[Start of Attachment]
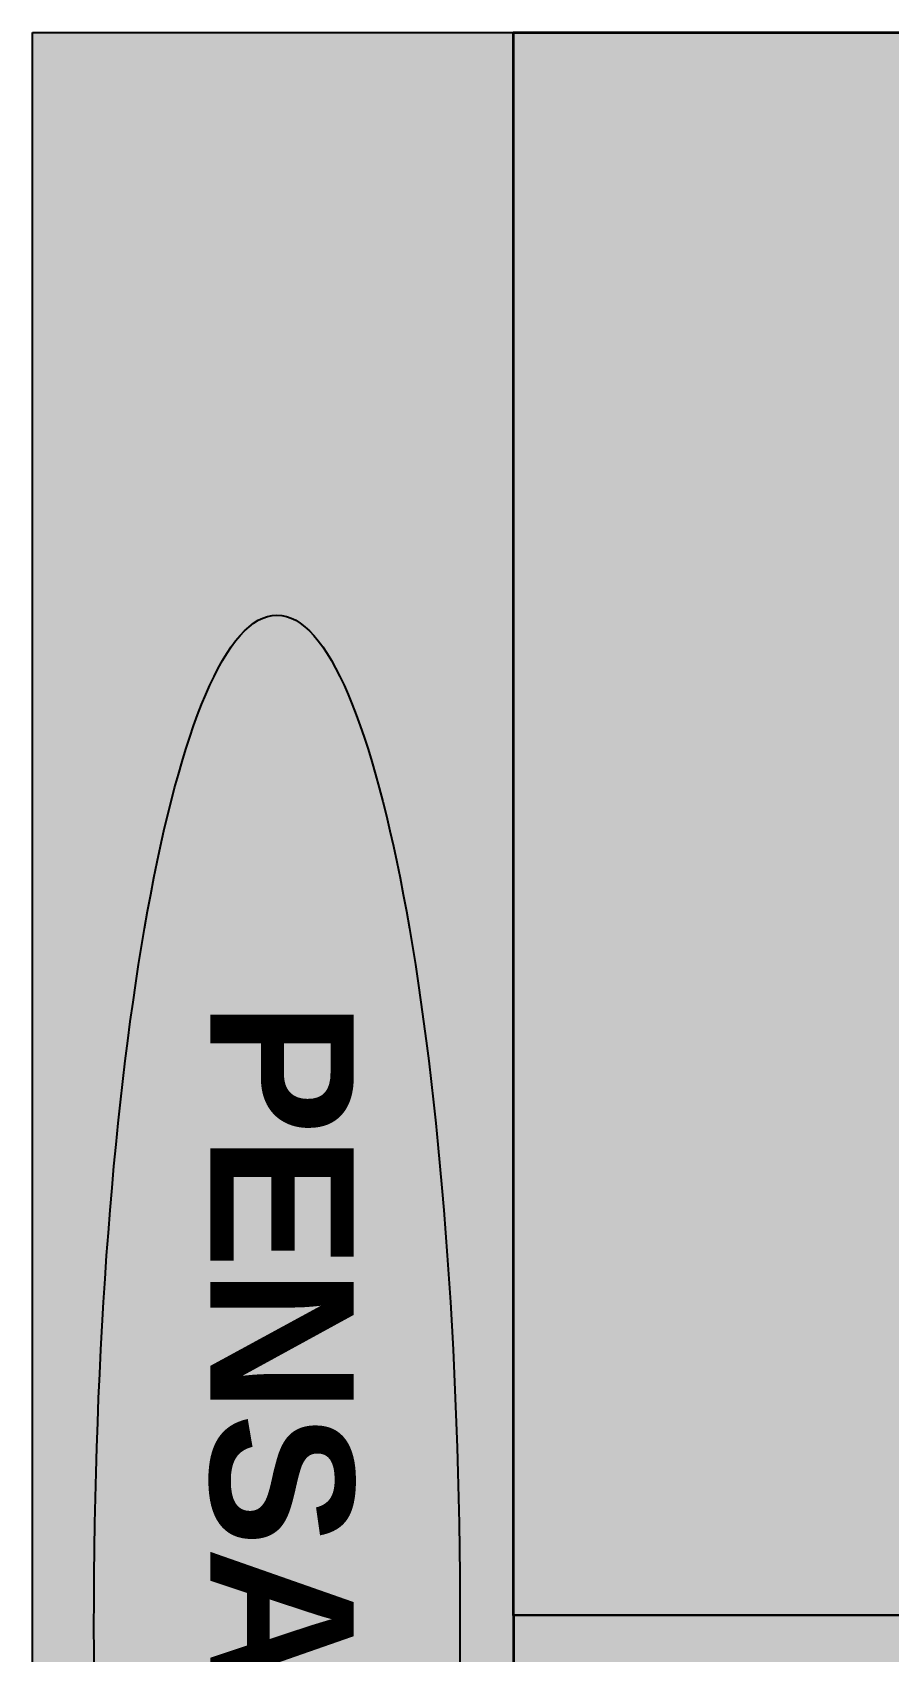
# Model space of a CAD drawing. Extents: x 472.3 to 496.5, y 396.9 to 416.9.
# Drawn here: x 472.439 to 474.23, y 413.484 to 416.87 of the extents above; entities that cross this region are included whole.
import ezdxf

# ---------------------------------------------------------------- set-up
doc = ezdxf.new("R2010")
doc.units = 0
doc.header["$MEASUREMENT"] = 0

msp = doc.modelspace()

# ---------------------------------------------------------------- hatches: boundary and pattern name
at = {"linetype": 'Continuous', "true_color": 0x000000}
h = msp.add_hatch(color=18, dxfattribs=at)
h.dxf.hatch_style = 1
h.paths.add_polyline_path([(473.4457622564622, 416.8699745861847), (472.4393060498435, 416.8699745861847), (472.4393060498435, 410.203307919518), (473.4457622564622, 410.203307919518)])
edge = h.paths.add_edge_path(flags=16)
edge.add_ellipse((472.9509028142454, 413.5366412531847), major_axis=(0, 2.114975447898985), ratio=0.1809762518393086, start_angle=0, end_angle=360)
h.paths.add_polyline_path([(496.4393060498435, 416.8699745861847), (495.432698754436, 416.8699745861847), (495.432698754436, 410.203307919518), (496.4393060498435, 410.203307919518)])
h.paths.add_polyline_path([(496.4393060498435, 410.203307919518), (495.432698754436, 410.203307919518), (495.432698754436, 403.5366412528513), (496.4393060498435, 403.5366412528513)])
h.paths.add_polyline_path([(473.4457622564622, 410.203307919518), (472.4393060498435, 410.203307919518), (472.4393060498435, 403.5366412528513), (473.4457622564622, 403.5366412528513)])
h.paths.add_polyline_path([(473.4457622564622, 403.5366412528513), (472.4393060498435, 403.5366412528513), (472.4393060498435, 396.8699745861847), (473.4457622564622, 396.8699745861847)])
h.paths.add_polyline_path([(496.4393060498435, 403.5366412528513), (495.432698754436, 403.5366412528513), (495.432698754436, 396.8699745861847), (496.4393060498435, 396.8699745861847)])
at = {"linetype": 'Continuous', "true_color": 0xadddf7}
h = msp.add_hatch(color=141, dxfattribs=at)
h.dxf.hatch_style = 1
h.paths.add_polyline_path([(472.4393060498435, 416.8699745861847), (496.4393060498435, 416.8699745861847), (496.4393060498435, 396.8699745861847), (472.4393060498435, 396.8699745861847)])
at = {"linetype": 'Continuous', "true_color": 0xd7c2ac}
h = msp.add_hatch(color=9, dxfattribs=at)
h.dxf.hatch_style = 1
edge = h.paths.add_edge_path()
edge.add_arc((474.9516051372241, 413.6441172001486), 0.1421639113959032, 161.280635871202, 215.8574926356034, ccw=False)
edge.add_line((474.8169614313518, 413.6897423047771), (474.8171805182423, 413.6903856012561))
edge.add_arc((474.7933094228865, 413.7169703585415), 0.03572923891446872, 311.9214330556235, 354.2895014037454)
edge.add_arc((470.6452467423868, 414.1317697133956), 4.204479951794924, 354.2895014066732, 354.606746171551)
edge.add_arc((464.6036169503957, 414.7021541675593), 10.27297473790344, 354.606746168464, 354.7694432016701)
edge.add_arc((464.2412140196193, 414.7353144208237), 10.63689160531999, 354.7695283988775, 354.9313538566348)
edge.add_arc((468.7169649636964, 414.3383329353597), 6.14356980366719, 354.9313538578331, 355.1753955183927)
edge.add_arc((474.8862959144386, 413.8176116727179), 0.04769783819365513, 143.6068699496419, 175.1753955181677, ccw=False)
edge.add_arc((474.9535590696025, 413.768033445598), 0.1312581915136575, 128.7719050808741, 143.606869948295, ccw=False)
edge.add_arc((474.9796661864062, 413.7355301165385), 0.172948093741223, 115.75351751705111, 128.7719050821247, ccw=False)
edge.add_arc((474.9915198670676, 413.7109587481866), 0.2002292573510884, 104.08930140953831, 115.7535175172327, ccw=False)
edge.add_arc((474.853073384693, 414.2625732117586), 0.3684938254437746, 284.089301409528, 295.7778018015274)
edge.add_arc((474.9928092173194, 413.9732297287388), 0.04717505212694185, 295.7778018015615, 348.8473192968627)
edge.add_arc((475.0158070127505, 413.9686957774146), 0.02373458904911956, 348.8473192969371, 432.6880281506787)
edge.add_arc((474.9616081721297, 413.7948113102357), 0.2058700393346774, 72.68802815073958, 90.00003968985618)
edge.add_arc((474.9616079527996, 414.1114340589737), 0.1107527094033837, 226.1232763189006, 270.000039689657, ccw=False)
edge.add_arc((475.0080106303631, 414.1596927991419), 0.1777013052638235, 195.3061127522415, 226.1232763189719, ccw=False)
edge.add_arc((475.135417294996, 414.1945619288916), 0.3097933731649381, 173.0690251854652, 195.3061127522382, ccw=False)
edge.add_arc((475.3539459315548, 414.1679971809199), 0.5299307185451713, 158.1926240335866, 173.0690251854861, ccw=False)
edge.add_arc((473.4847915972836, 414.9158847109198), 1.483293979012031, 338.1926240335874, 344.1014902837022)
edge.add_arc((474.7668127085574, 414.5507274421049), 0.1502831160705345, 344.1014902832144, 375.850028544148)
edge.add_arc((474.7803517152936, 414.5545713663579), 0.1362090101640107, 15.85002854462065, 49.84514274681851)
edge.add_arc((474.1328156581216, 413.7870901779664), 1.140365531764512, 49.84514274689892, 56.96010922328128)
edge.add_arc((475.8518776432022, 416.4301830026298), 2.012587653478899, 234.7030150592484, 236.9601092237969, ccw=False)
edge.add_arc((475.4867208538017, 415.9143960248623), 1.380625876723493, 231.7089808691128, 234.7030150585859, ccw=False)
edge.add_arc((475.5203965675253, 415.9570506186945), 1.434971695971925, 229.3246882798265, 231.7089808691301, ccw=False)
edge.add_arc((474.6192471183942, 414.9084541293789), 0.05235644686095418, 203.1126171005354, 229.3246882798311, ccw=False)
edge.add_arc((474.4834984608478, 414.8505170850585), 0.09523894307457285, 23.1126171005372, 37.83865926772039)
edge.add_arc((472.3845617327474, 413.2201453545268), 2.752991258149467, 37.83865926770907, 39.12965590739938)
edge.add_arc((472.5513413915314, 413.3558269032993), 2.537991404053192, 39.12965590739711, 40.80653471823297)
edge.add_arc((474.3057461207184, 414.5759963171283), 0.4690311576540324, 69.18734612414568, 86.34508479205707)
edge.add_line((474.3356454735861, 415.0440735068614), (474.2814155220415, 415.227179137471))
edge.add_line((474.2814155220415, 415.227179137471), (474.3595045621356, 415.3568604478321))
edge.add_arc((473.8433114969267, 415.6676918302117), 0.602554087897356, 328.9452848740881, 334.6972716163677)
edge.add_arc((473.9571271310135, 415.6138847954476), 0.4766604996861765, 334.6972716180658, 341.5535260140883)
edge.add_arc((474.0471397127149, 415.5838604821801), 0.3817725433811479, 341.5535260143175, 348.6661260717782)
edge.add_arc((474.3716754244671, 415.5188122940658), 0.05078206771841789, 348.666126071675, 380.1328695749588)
[End of Attachment]
Your answer must consist solely of the lines above between the line holding "234.7030150592484, 236.9601092237969, ccw=False)" and the line holding "203.1126171005354, 229.3246882798311, ccw=False)", inclusive, copied exactly.

| Output of the exercise |
edge.add_arc((475.8518776432022, 416.4301830026298), 2.012587653478899, 234.7030150592484, 236.9601092237969, ccw=False)
edge.add_arc((475.4867208538017, 415.9143960248623), 1.380625876723493, 231.7089808691128, 234.7030150585859, ccw=False)
edge.add_arc((475.5203965675253, 415.9570506186945), 1.434971695971925, 229.3246882798265, 231.7089808691301, ccw=False)
edge.add_arc((474.6192471183942, 414.9084541293789), 0.05235644686095418, 203.1126171005354, 229.3246882798311, ccw=False)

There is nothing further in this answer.